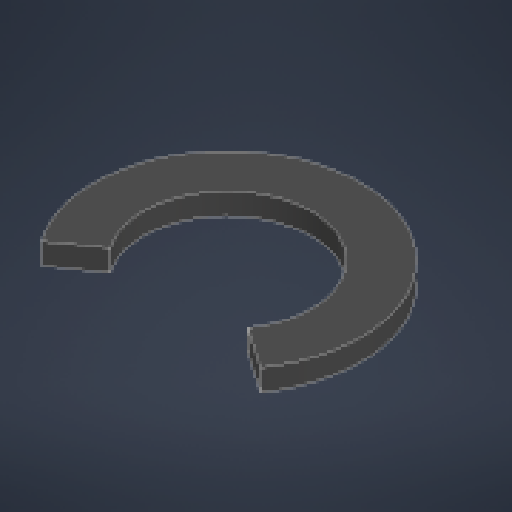
# Autodesk Inventor part: c_ring
Saved by Autodesk Inventor 2026.1 (Build 301233020, 233B)
## iProperties
Created: 2025-12-16
Part Number: c_ring
Material: 고무, 검은색
Document SubType Name: Modeling
Designer: jaewook
Density: 0.93 g/cm^3
Appearance: 고무 - 검은색
Author: jaewook
Autodesk Inventor part; units mm, degrees
ref_plane "YZ Plane" through (0, 0, 0) normal (1, 0, 0) x (0, 1, 0)
ref_plane "XZ Plane" through (0, 0, 0) normal (0, 1, 0) x (-1, 0, 0)
ref_plane "XY Plane" through (0, 0, 0) normal (0, 0, 1) x (1, 0, 0)
sketch "스케치1" plane through (0, 0, 0) normal (1, 0, 0) x (0, 1, 0)
  line L0 (-1.3, -10.2) -> (1.3, -10.2)
  line L1 (1.3, -10.2) -> (1.3, -16.2)
  line L2 (1.3, -16.2) -> (-1.3, -16.2)
  line L3 (-1.3, -16.2) -> (-1.3, -10.2)
  line L4 (-1.3, -10.2) -> (1.3, -16.2) construction
  line L5 (1.3, -10.2) -> (-1.3, -16.2) construction
  line L6 (-2.1884, 0) -> (2.1884, 0)
  point P0 (0, 0)
  point P1 (0, -13.2)
  point P2 (0, 0)
  dimension "d0" = 2.6
  dimension "d1" = 6
  dimension "d2" = 10.2
  constraints: 14 end point, 3 midpoint, 2 horizontal, 2 parallel, 1 coincident, 1 perpendicular, 1 vertical alignment
  measures "d0" distance of L1.end L2.end
  measures "d1" distance of L0.end L1.end
  measures "d2" distance from line of L0 point (0, 0)
revolve "회전1" add sketch "스케치1" angle 250 mid plane about axis through (0, -2.1884, 0) along (0, 1, 0)
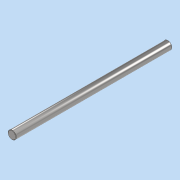
# Autodesk Inventor part: motorshaft2x38
Saved by Autodesk Inventor 2022 (Build 260153000, 153)
## iProperties
Created: 2024-04-30
Part Number: motorshaft2x38
Material: 鋼、合金
Document SubType Name: Modeling
Designer: ktamu
Density: 7.73 g/cm^3
Appearance: 半つや出し
Author: ktamu
Autodesk Inventor part; units mm, degrees
ref_plane "YZ Plane" through (0, 0, 0) normal (1, 0, 0) x (0, 1, 0)
ref_plane "XZ Plane" through (0, 0, 0) normal (0, 1, 0) x (-1, 0, 0)
ref_plane "XY Plane" through (0, 0, 0) normal (0, 0, 1) x (1, 0, 0)
sketch "スケッチ1" plane through (0, 0, 0) normal (0, 0, 1) x (1, 0, 0)
  circle A0 centre (0, 0) radius 1
  dimension "d0" = 2
  constraints: 1 centre point, 1 coincident
  measures "d0" diameter of A0
extrude "押し出し1" add sketch "スケッチ1" along normal blind 38
chamfer "面取り1" distance 0.09 angle 45 1 edges at (-1, 0, 0)
chamfer "面取り2" distance 0.09 angle 45 1 edges at (-1, 0, 38)
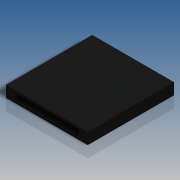
# Autodesk Inventor part: 11034-Black
Saved by Autodesk Inventor 2016 SP2 (Build 200236200, 236)
## iProperties
Created: 2015-08-21
Part Number: 11034-Black
Material: ABS Plastic
Document SubType Name: Modeling
Designer: D. Kohfeld
Mass: 0.258877 g
Surface Area: 9.1328 cm^2
Volume: 0.244224 cm^3
Density: 1.06 g/cm^3
Appearance: Black
Author: D. Kohfeld
Autodesk Inventor part; units mm, degrees
ref_plane "YZ Plane" through (0, 0, 0) normal (1, 0, 0) x (0, 1, 0)
ref_plane "XZ Plane" through (0, 0, 0) normal (0, 1, 0) x (-1, 0, 0)
ref_plane "XY Plane" through (0, 0, 0) normal (0, 0, 1) x (1, 0, 0)
sketch "Sketch2" plane through (0, 0, 0) normal (0, 0, 1) x (1, 0, 0)
  line L0 (-7.2, 1) -> (7.2, 1)
  line L1 (7.2, 1) -> (7.2, -1)
  line L2 (7.2, -1) -> (-7.2, -1)
  line L3 (-7.2, -1) -> (-7.2, 1)
  line L4 (-5.6, 0.6) -> (5.6, 0.6)
  line L5 (5.6, 0.6) -> (5.6, -0.6)
  line L6 (5.6, -0.6) -> (-5.6, -0.6)
  line L7 (-5.6, -0.6) -> (-5.6, 0.6)
  point P0 (0, 0)
  point P1 (-7.2, 0)
  point P2 (0, -1)
  point P3 (0, 0.6)
  point P4 (-5.6, 0)
  dimension "d0" = 2
  dimension "d1" = 14.4
  dimension "d2" = 1.2
  dimension "d3" = 11.2
  constraints: 16 end point, 4 midpoint, 4 parallel, 2 horizontal, 2 horizontal alignment, 2 perpendicular, 2 vertical alignment
  measures "d0" distance of L2.end L0.start
  measures "d1" distance of L0.start L0.end
  measures "d2" distance of L6.end L4.start
  measures "d3" distance of L4.start L4.end
extrude "Extrusion1" add sketch "Sketch2" against normal blind 15.2 contours L0 L1 L2 L3 | L4 L5 L6 L7
extrude "Extrusion2" cut sketch "Sketch2" against normal blind 14.4 contours L4 L5 L6 L7
body "Solid1"
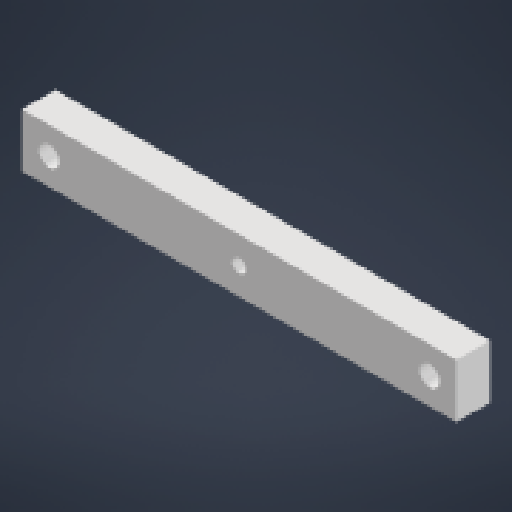
# Autodesk Inventor part: vertical_axis_hal_holder
Saved by Autodesk Inventor 2023.2 (Build 272271000, 271)
## iProperties
Created: 2023-07-30
Part Number: vertical_axis_hal_holder
Material: Generic
Document SubType Name: Modeling
Designer: Bober
Density: 1 g/cm^3
Appearance: Default
Author: Bober
Autodesk Inventor part; units mm, degrees
ref_plane "YZ Plane" through (0, 0, 0) normal (1, 0, 0) x (0, 1, 0)
ref_plane "XZ Plane" through (0, 0, 0) normal (0, 1, 0) x (-1, 0, 0)
ref_plane "XY Plane" through (0, 0, 0) normal (0, 0, 1) x (1, 0, 0)
sketch "Sketch1" plane through (0, 0, 0) normal (0, 0, 1) x (1, 0, 0)
  circle A0 centre (-56.5936, 0) radius 1.5 projected
  line L0 (-52.5936, 4) -> (-60.5936, 4) projected
  line L1 (-60.5936, 4) -> (-60.5936, -4) projected
  line L2 (-60.5936, -4) -> (-52.5936, -4) projected
  line L3 (-52.5936, -4) -> (-52.5936, 4) projected
  circle A1 centre (0, 0) radius 1.5 projected
  line L4 (-4, 4) -> (-4, -4) projected
  line L5 (-4, -4) -> (4, -4) projected
  line L6 (4, -4) -> (4, 4) projected
  line L7 (4, 4) -> (-4, 4) projected
  line L8 (-60.5936, 4) -> (4, 4)
  line L9 (4, 4) -> (4, -4)
  line L10 (4, -4) -> (-60.5936, -4)
  line L11 (-60.5936, -4) -> (-60.5936, 4)
  point P0 (0, 0)
  constraints: 8 end point, 2 parallel, 1 horizontal, 1 perpendicular
extrude "Extrusion1" add sketch "Sketch1" along normal blind 5
sketch "Sketch2" plane through (0, 0, 0) normal (0, 0, -1) x (-1, 0, 0)
  point P0 (0, 0)
sketch "Sketch3" plane through (0, 0, 0) normal (0, 0, -1) x (-1, 0, 0)
  line L0 (60.5936, 4) -> (60.5936, -4) projected
  line L1 (-4, 4) -> (60.5936, 4) projected
  line L2 (-4, -4) -> (-4, 4) projected
  line L3 (60.5936, -4) -> (-4, -4) projected
  circle A0 centre (0, 0) radius 1.5 projected
  circle A1 centre (56.5936, 0) radius 1.5 projected
  circle A2 centre (28.2966, 0) radius 1.95
  point P0 (0, 0)
  point P1 (60.5936, 0)
  dimension "d2" = 3.9
  dimension "d4" = 32.297
  constraints: 1 centre point, 1 horizontal alignment, 1 midpoint
  measures "d2" diameter of A2
  measures "d4" distance from line of L0 A2.centre
extrude "Extrusion2" cut sketch "Sketch3" against normal blind 1.8 contours A2
sketch "Sketch4" plane through (-28.2966, 0, 1.8) normal (0, 0, -1) x (-1, 0, 0)
  circle A0 centre (0, 0) radius 1
  point P0 (-28.2966, 0)
  dimension "d7" = 2
  constraints: 1 centre point
  measures "d7" diameter of A0
extrude "Extrusion3" cut sketch "Sketch4" against normal through all
body "Solid1"
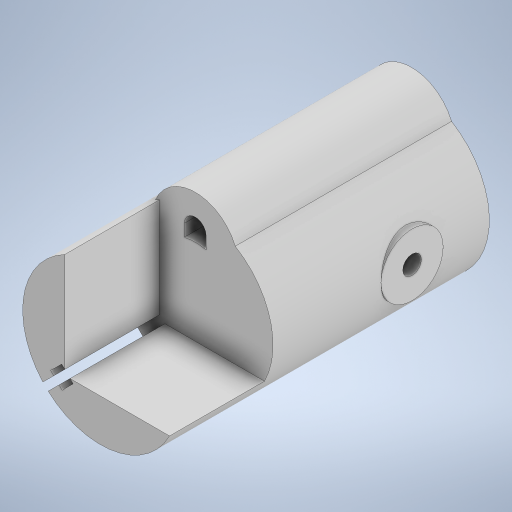
# Autodesk Inventor part: LandingFoot2
Saved by Autodesk Inventor 2023 (Build 270158000, 158)
## iProperties
Created: 2023-01-25
Part Number: LandingFoot2
Material: Generic
Document SubType Name: Modeling
Designer: chase
Density: 1 g/cm^3
Appearance: Default
Author: chase
Autodesk Inventor part; units mm, degrees
ref_plane "YZ Plane" through (0, 0, 0) normal (1, 0, 0) x (0, 1, 0)
sketch "Sketch1" plane through (0, 0, 0) normal (0, 0, 1) x (1, 0, 0)
  circle A0 centre (0, 0) radius 12.5
  dimension "d0" = 25
  constraints: 1 centre point, 1 coincident
  measures "d0" diameter of A0
extrude "Extrusion1" add sketch "Sketch1" against normal blind 50
sketch "Sketch2" plane through (0, 0, -50) normal (0, 0, -1) x (-1, 0, 0)
  circle A0 centre (0, 0) radius 8.075
  dimension "d3" = 16.15
  constraints: 1 centre point, 1 coincident
  measures "d3" diameter of A0
extrude "Extrusion2" cut sketch "Sketch2" against normal blind 25.4
sketch "Sketch3" plane through (0, 0, 0) normal (0, 0, 1) x (1, 0, 0)
  circle A0 centre (0, 0) radius 12.5
  line L0 (0, 12.5) -> (0, 0) construction
  line L1 (-4.4548, -2.6163) -> (-9.7581, -7.9196)
  line L2 (-9.7581, -7.9196) -> (-7.955, -9.7227)
  line L3 (-7.9196, -9.7581) -> (-2.6163, -4.4548)
  line L4 (-9.7227, -7.955) -> (-7.9196, -9.7581)
  line L5 (-6.2225, -4.3841) -> (-4.3841, -6.2225)
  line L6 (-7.9903, -6.1518) -> (-6.1518, -7.9903)
  line L7 (-8.4146, -9.2631) -> (-6.6468, -7.4953)
  line L8 (-9.2631, -8.4146) -> (-7.4953, -6.6468)
  line L9 (-4.4548, -2.6163) -> (-2.6517, -4.4194)
  line L10 (-4.879, -5.7276) -> (-4.5255, -5.374)
  line L11 (-5.7276, -4.879) -> (-5.374, -4.5255)
  line L12 (-5.374, -4.5255) -> (-4.5255, -5.374)
  line L13 (-4.9497, -4.9497) -> (-3.5355, -3.5355)
  line L14 (-5.2679, -4.6315) -> (-3.8537, -3.2173)
  line L15 (-4.6315, -5.2679) -> (-3.2173, -3.8537)
  line L16 (-4.4194, -2.6517) -> (-2.6163, -4.4548)
  line L17 (-4.879, -5.7276) -> (11.1106, -5.7276)
  line L18 (-5.7276, -4.879) -> (-5.7276, 11.1106)
  line L19 (0, 0) -> (-3.5355, -3.5355) construction
  line L20 (-4.9497, -4.9497) -> (-8.8388, -8.8388) construction
  point P0 (-6.1872, -4.4194)
  point P1 (-7.955, -6.1872)
  point P2 (-6.1872, -7.955)
  point P3 (-4.4194, -6.1872)
  point P4 (-5.7276, -3.8891)
  point P5 (-3.8891, -5.7276)
  point P6 (-9.7101, -7.8717)
  point P7 (-9.2529, -8.4044)
  point P8 (-8.4044, -9.2529)
  point P9 (-8.8388, -8.8388)
  point P10 (-7.8717, -9.7101)
  dimension "d44" = 0.9
  dimension "d45" = 0.45
  dimension "d47" = 1.2
  dimension "d48" = 0.6
  dimension "d49" = 2.5
  dimension "d50" = 2.5
  dimension "d51" = 2.5
  dimension "d52" = 0.5
  dimension "d53" = 2.6
  dimension "d54" = 1.3
  constraints: 42 end point, 4 point on line, 1 collinear, 1 vertical, 3 other
  measures "d44" distance between parallel lines of L15 L14
  measures "d45" distance between parallel lines of L13 L14
  measures "d47" distance between parallel lines of L7 L8
  measures "d48" distance between parallel lines of L7 L20
  measures "d49" distance between parallel lines of L6 L5
  measures "d50" distance between parallel lines of L2 L6
  measures "d51" distance between parallel lines of L5 L9
  measures "d52" distance between parallel lines of L5 L12
  measures "d53" distance between parallel lines of L3 L1
  measures "d54" distance between parallel lines of L3 L13
sketch "Sketch4" plane through (0, 0, -50) normal (0, 0, -1) x (-1, 0, 0)
  arc A0 (6.4283, 10.7204) -> (-6.4283, 10.7204) centre (0, 8.075) ccw
  arc A1 (1.5, 7.9345) -> (-1.5, 7.9345) centre (0, 0) ccw
  circle A2 centre (0, 0) radius 12.5
  point P0 (0, 8.075)
  dimension "d17" = 12.8567
  dimension "d18" = 6.4283
  constraints: 8 point on circle, 3 centre point
  measures "d17" distance of A0.start A0.end
  measures "d18" horizontal distance of A0.start point (0, 8.075)
sketch "Sketch5" plane through (0, 0, -50) normal (0, 0, -1) x (-1, 0, 0)
  circle A0 centre (0, 9.825) radius 1.75
  line L0 (-1.75, 9.825) -> (-1.75, 7.8831)
  line L1 (1.75, 9.825) -> (1.75, 7.8831)
  circle A1 centre (0, 0) radius 8.075
  circle A2 centre (0, 0) radius 8.075 projected
  point P0 (-1.75, 7.8831)
  point P1 (1.75, 7.8831)
  dimension "d21" = 3.5
  dimension "d22" = 16.15
  dimension "d63" = 0
  constraints: 4 end point, 4 point on circle, 2 centre point, 1 coincident, 1 parallel, 1 tangent, 1 vertical
  measures "d21" diameter of A0
  measures "d22" diameter of A1
  measures "d63" horizontal distance of point (0, 0) A0.centre
ref_plane "Work Plane1" through (12.5, 0, 0) normal (1, 0, 0) x (0, 0, -1)
ref_plane "Work Plane2" through (-12.5, 0, 0) normal (1, 0, 0) x (0, 0, -1)
sketch "Sketch6" plane through (12.5, 0, 0) normal (1, 0, 0) x (0, 0, -1)
  circle A0 centre (37.5833, 0) radius 5
  point P0 (0, 0)
  constraints: 1 centre point
extrude "Extrusion6" add sketch "Sketch6" against normal up to surface (25 mm away)
sketch "Sketch7" plane through (12.5, 0, 0) normal (1, 0, 0) x (0, 0, -1)
  arc A0 (42.5833, 0) -> (32.5833, 0) centre (37.5833, 0) ccw projected
  circle A1 centre (37.5833, 0) radius 1.5
  point P0 (0, 0)
  dimension "d29" = 3
  constraints: 1 centre point, 1 coincident
  measures "d29" diameter of A1
extrude "Extrusion7" cut sketch "Sketch7" against normal up to surface (25 mm away)
sketch "Sketch8" plane through (0, 0, -50) normal (0, 0, -1) x (-1, 0, 0)
  arc A0 (8.075, 0) -> (8.075, 0) centre (0, 0) ccw projected
  circle A1 centre (0, 0) radius 8.075
  point P0 (1.5, 7.9345)
  point P1 (-1.5, 7.9345)
  constraints: 1 centre point, 1 coincident
extrude "Extrusion9" cut sketch "Sketch3" against normal blind 15.24 contours A0 L17 L3 L16 L9 L1 L18 | L1 L9 L14 L12 L11 L18 | L17 L10 L12 L15 L9 L16 L3 | L8 L6 L7 A0 | A0 L2 L8 | L1 L5 L3 L6 | L11 L12 L10 L5 | L7 L2 A0 | L9 L13 L12 L14 | L15 L12 L13 L9
extrude "Extrusion10" add sketch "Sketch4" against normal up to surface (34.76 mm away) contours A2 A0
extrude "Extrusion11" cut sketch "Sketch5" against normal through all contours A0 | L1 A1 A0 | A0 A1 L0
extrude "Extrusion12" cut sketch "Sketch8" against normal up to surface (25.4 mm away)
equation "\"d45\" = 0.5 * d44"
equation "\"d48\" = 0.5 * d47"
equation "\"d54\" = 0.5 * d53"
equation "\"d18\" = 0.5 * d17"
body "Solid1"

What to produce:
Your answer must be the exact lines from the records above, from the one containing "1.8 contours A2" through the one containing "normal blind 25.4", both included, with every picture left out.

Reply to the task:
extrude "Extrusion2" cut sketch "Sketch3" against normal blind 1.8 contours A2
sketch "Sketch4" plane through (-28.2966, 0, 1.8) normal (0, 0, -1) x (-1, 0, 0)
  circle A0 centre (0, 0) radius 1
  point P0 (-28.2966, 0)
  dimension "d7" = 2
  constraints: 1 centre point
  measures "d7" diameter of A0
extrude "Extrusion3" cut sketch "Sketch4" against normal through all
body "Solid1"
# Autodesk Inventor part: LandingFoot2
Saved by Autodesk Inventor 2023 (Build 270158000, 158)
## iProperties
Created: 2023-01-25
Part Number: LandingFoot2
Material: Generic
Document SubType Name: Modeling
Designer: chase
Density: 1 g/cm^3
Appearance: Default
Author: chase
Autodesk Inventor part; units mm, degrees
ref_plane "YZ Plane" through (0, 0, 0) normal (1, 0, 0) x (0, 1, 0)
sketch "Sketch1" plane through (0, 0, 0) normal (0, 0, 1) x (1, 0, 0)
  circle A0 centre (0, 0) radius 12.5
  dimension "d0" = 25
  constraints: 1 centre point, 1 coincident
  measures "d0" diameter of A0
extrude "Extrusion1" add sketch "Sketch1" against normal blind 50
sketch "Sketch2" plane through (0, 0, -50) normal (0, 0, -1) x (-1, 0, 0)
  circle A0 centre (0, 0) radius 8.075
  dimension "d3" = 16.15
  constraints: 1 centre point, 1 coincident
  measures "d3" diameter of A0
extrude "Extrusion2" cut sketch "Sketch2" against normal blind 25.4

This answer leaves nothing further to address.